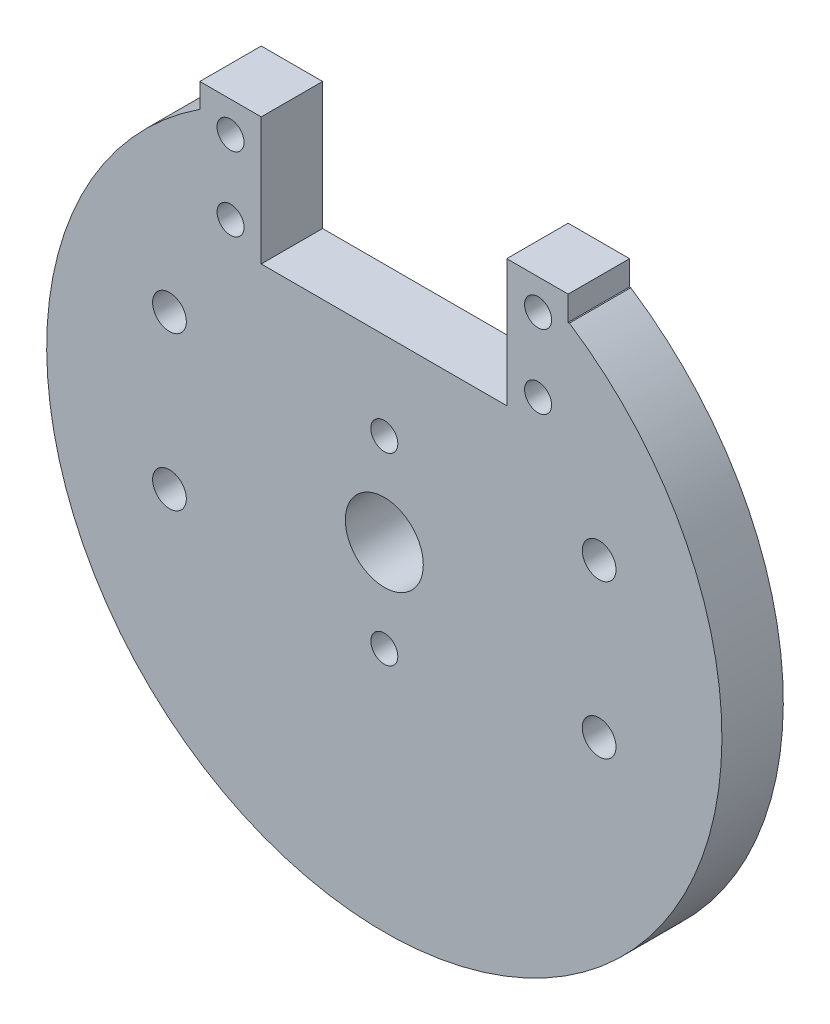
ISO-10303-21;
HEADER;
FILE_DESCRIPTION(('STEP AP214'),'2;1');
FILE_NAME('part.step','',(''),(''),'','','');
FILE_SCHEMA(('AUTOMOTIVE_DESIGN { 1 0 10303 214 1 1 1 1 }'));
ENDSEC;
DATA;
#1=APPLICATION_CONTEXT('core data for automotive mechanical design processes');
#2=APPLICATION_PROTOCOL_DEFINITION('international standard','automotive_design',2000,#1);
#3=PRODUCT_CONTEXT('',#1,'mechanical');
#4=PRODUCT('Part','Part','',(#3));
#5=PRODUCT_RELATED_PRODUCT_CATEGORY('part','',(#4));
#6=PRODUCT_DEFINITION_FORMATION('','',#4);
#7=PRODUCT_DEFINITION_CONTEXT('part definition',#1,'design');
#8=PRODUCT_DEFINITION('design','',#6,#7);
#9=PRODUCT_DEFINITION_SHAPE('','',#8);
#10=(LENGTH_UNIT() NAMED_UNIT(*) SI_UNIT(.MILLI.,.METRE.));
#11=(NAMED_UNIT(*) PLANE_ANGLE_UNIT() SI_UNIT($,.RADIAN.));
#12=(NAMED_UNIT(*) SI_UNIT($,.STERADIAN.) SOLID_ANGLE_UNIT());
#13=UNCERTAINTY_MEASURE_WITH_UNIT(LENGTH_MEASURE(1.E-05),#10,'distance_accuracy_value','');
#14=(GEOMETRIC_REPRESENTATION_CONTEXT(3) GLOBAL_UNCERTAINTY_ASSIGNED_CONTEXT((#13)) GLOBAL_UNIT_ASSIGNED_CONTEXT((#10,
#11,#12)) REPRESENTATION_CONTEXT('',''));
#15=CARTESIAN_POINT('',(0.,0.,0.));
#16=DIRECTION('',(0.,0.,1.));
#17=DIRECTION('',(1.,0.,0.));
#18=AXIS2_PLACEMENT_3D('',#15,#16,#17);
#19=CARTESIAN_POINT('',(0.,0.,10.));
#20=DIRECTION('',(0.,0.,-1.));
#21=DIRECTION('',(-1.,0.,0.));
#22=AXIS2_PLACEMENT_3D('',#19,#20,#21);
#23=CYLINDRICAL_SURFACE('',#22,55.);
#24=CARTESIAN_POINT('',(0.,0.,10.));
#25=DIRECTION('',(0.,0.,1.));
#26=DIRECTION('',(1.,0.,0.));
#27=AXIS2_PLACEMENT_3D('',#24,#25,#26);
#28=CIRCLE('',#27,55.);
#29=CARTESIAN_POINT('',(-30.1496268633627,46.,10.));
#30=VERTEX_POINT('',#29);
#31=CARTESIAN_POINT('',(30.1496268633627,46.,10.));
#32=VERTEX_POINT('',#31);
#33=EDGE_CURVE('E215',#30,#32,#28,.T.);
#34=ORIENTED_EDGE('',*,*,#33,.F.);
#35=DIRECTION('',(0.,0.,1.));
#36=VECTOR('',#35,1.);
#37=CARTESIAN_POINT('',(-30.1496268633627,46.,-76.5172654972579));
#38=LINE('',#37,#36);
#39=CARTESIAN_POINT('',(-30.1496268633627,46.,0.));
#40=VERTEX_POINT('',#39);
#41=EDGE_CURVE('E206',#40,#30,#38,.T.);
#42=ORIENTED_EDGE('',*,*,#41,.F.);
#43=CARTESIAN_POINT('',(0.,0.,0.));
#44=DIRECTION('',(0.,0.,1.));
#45=DIRECTION('',(1.,0.,0.));
#46=AXIS2_PLACEMENT_3D('',#43,#44,#45);
#47=CIRCLE('',#46,55.);
#48=CARTESIAN_POINT('',(30.1496268633627,46.,0.));
#49=VERTEX_POINT('',#48);
#50=EDGE_CURVE('E214',#40,#49,#47,.T.);
#51=ORIENTED_EDGE('',*,*,#50,.T.);
#52=DIRECTION('',(0.,0.,1.));
#53=VECTOR('',#52,1.);
#54=CARTESIAN_POINT('',(30.1496268633627,46.,-76.5172654972579));
#55=LINE('',#54,#53);
#56=EDGE_CURVE('E200',#49,#32,#55,.T.);
#57=ORIENTED_EDGE('',*,*,#56,.T.);
#58=EDGE_LOOP('',(#34,#42,#51,#57));
#59=FACE_BOUND('',#58,.T.);
#60=ADVANCED_FACE('F43',(#59),#23,.T.);
#61=CARTESIAN_POINT('',(0.,0.,10.));
#62=DIRECTION('',(0.,0.,1.));
#63=DIRECTION('',(1.,0.,0.));
#64=AXIS2_PLACEMENT_3D('',#61,#62,#63);
#65=PLANE('',#64);
#66=CARTESIAN_POINT('',(35.,15.,10.));
#67=DIRECTION('',(0.,0.,1.));
#68=DIRECTION('',(-1.,0.,0.));
#69=AXIS2_PLACEMENT_3D('',#66,#67,#68);
#70=CIRCLE('',#69,2.74999999999999);
#71=CARTESIAN_POINT('',(32.25,15.,10.));
#72=VERTEX_POINT('',#71);
#73=EDGE_CURVE('E275',#72,#72,#70,.T.);
#74=ORIENTED_EDGE('',*,*,#73,.F.);
#75=EDGE_LOOP('',(#74));
#76=FACE_BOUND('',#75,.T.);
#77=CARTESIAN_POINT('',(35.,-10.,10.));
#78=DIRECTION('',(0.,0.,1.));
#79=DIRECTION('',(-1.,0.,0.));
#80=AXIS2_PLACEMENT_3D('',#77,#78,#79);
#81=CIRCLE('',#80,2.74999999999999);
#82=CARTESIAN_POINT('',(32.25,-10.,10.));
#83=VERTEX_POINT('',#82);
#84=EDGE_CURVE('E279',#83,#83,#81,.T.);
#85=ORIENTED_EDGE('',*,*,#84,.F.);
#86=EDGE_LOOP('',(#85));
#87=FACE_BOUND('',#86,.T.);
#88=CARTESIAN_POINT('',(-35.,-10.,10.));
#89=DIRECTION('',(0.,0.,1.));
#90=DIRECTION('',(1.,0.,0.));
#91=AXIS2_PLACEMENT_3D('',#88,#89,#90);
#92=CIRCLE('',#91,2.74999999999999);
#93=CARTESIAN_POINT('',(-32.25,-10.,10.));
#94=VERTEX_POINT('',#93);
#95=EDGE_CURVE('E283',#94,#94,#92,.T.);
#96=ORIENTED_EDGE('',*,*,#95,.F.);
#97=EDGE_LOOP('',(#96));
#98=FACE_BOUND('',#97,.T.);
#99=CARTESIAN_POINT('',(-35.,15.,10.));
#100=DIRECTION('',(0.,0.,1.));
#101=DIRECTION('',(1.,0.,0.));
#102=AXIS2_PLACEMENT_3D('',#99,#100,#101);
#103=CIRCLE('',#102,2.74999999999999);
#104=CARTESIAN_POINT('',(-32.25,15.,10.));
#105=VERTEX_POINT('',#104);
#106=EDGE_CURVE('E287',#105,#105,#103,.T.);
#107=ORIENTED_EDGE('',*,*,#106,.F.);
#108=EDGE_LOOP('',(#107));
#109=FACE_BOUND('',#108,.T.);
#110=CARTESIAN_POINT('',(0.,15.,10.));
#111=DIRECTION('',(0.,0.,1.));
#112=DIRECTION('',(1.,0.,0.));
#113=AXIS2_PLACEMENT_3D('',#110,#111,#112);
#114=CIRCLE('',#113,2.2);
#115=CARTESIAN_POINT('',(2.2,15.,10.));
#116=VERTEX_POINT('',#115);
#117=EDGE_CURVE('E291',#116,#116,#114,.T.);
#118=ORIENTED_EDGE('',*,*,#117,.F.);
#119=EDGE_LOOP('',(#118));
#120=FACE_BOUND('',#119,.T.);
#121=CARTESIAN_POINT('',(3.23790517374325E-13,-15.,10.));
#122=DIRECTION('',(0.,0.,1.));
#123=DIRECTION('',(1.,0.,0.));
#124=AXIS2_PLACEMENT_3D('',#121,#122,#123);
#125=CIRCLE('',#124,2.2);
#126=CARTESIAN_POINT('',(2.20000000000032,-15.,10.));
#127=VERTEX_POINT('',#126);
#128=EDGE_CURVE('E295',#127,#127,#125,.T.);
#129=ORIENTED_EDGE('',*,*,#128,.F.);
#130=EDGE_LOOP('',(#129));
#131=FACE_BOUND('',#130,.T.);
#132=CARTESIAN_POINT('',(0.,0.,10.));
#133=DIRECTION('',(0.,0.,1.));
#134=DIRECTION('',(1.,0.,0.));
#135=AXIS2_PLACEMENT_3D('',#132,#133,#134);
#136=CIRCLE('',#135,6.35);
#137=CARTESIAN_POINT('',(6.35,0.,10.));
#138=VERTEX_POINT('',#137);
#139=EDGE_CURVE('E299',#138,#138,#136,.T.);
#140=ORIENTED_EDGE('',*,*,#139,.F.);
#141=EDGE_LOOP('',(#140));
#142=FACE_BOUND('',#141,.T.);
#143=CARTESIAN_POINT('',(25.0506039403765,45.,10.));
#144=DIRECTION('',(0.,0.,1.));
#145=DIRECTION('',(-1.,0.,0.));
#146=AXIS2_PLACEMENT_3D('',#143,#144,#145);
#147=CIRCLE('',#146,2.2);
#148=CARTESIAN_POINT('',(22.8506039403765,45.,10.));
#149=VERTEX_POINT('',#148);
#150=EDGE_CURVE('E303',#149,#149,#147,.T.);
#151=ORIENTED_EDGE('',*,*,#150,.F.);
#152=EDGE_LOOP('',(#151));
#153=FACE_BOUND('',#152,.T.);
#154=CARTESIAN_POINT('',(25.0506039403765,33.,10.));
#155=DIRECTION('',(0.,0.,1.));
#156=DIRECTION('',(1.,0.,0.));
#157=AXIS2_PLACEMENT_3D('',#154,#155,#156);
#158=CIRCLE('',#157,2.2);
#159=CARTESIAN_POINT('',(27.2506039403765,33.,10.));
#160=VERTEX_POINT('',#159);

### Exercise details
Look back at the entries above and repeat, unchanged, every line from the line holding "#103=CIRCLE('',#102,2.74999999999999);" through the line holding "#123=DIRECTION('',(1.,0.,0.));".

### Solution below
#103=CIRCLE('',#102,2.74999999999999);
#104=CARTESIAN_POINT('',(-32.25,15.,10.));
#105=VERTEX_POINT('',#104);
#106=EDGE_CURVE('E287',#105,#105,#103,.T.);
#107=ORIENTED_EDGE('',*,*,#106,.F.);
#108=EDGE_LOOP('',(#107));
#109=FACE_BOUND('',#108,.T.);
#110=CARTESIAN_POINT('',(0.,15.,10.));
#111=DIRECTION('',(0.,0.,1.));
#112=DIRECTION('',(1.,0.,0.));
#113=AXIS2_PLACEMENT_3D('',#110,#111,#112);
#114=CIRCLE('',#113,2.2);
#115=CARTESIAN_POINT('',(2.2,15.,10.));
#116=VERTEX_POINT('',#115);
#117=EDGE_CURVE('E291',#116,#116,#114,.T.);
#118=ORIENTED_EDGE('',*,*,#117,.F.);
#119=EDGE_LOOP('',(#118));
#120=FACE_BOUND('',#119,.T.);
#121=CARTESIAN_POINT('',(3.23790517374325E-13,-15.,10.));
#122=DIRECTION('',(0.,0.,1.));
#123=DIRECTION('',(1.,0.,0.));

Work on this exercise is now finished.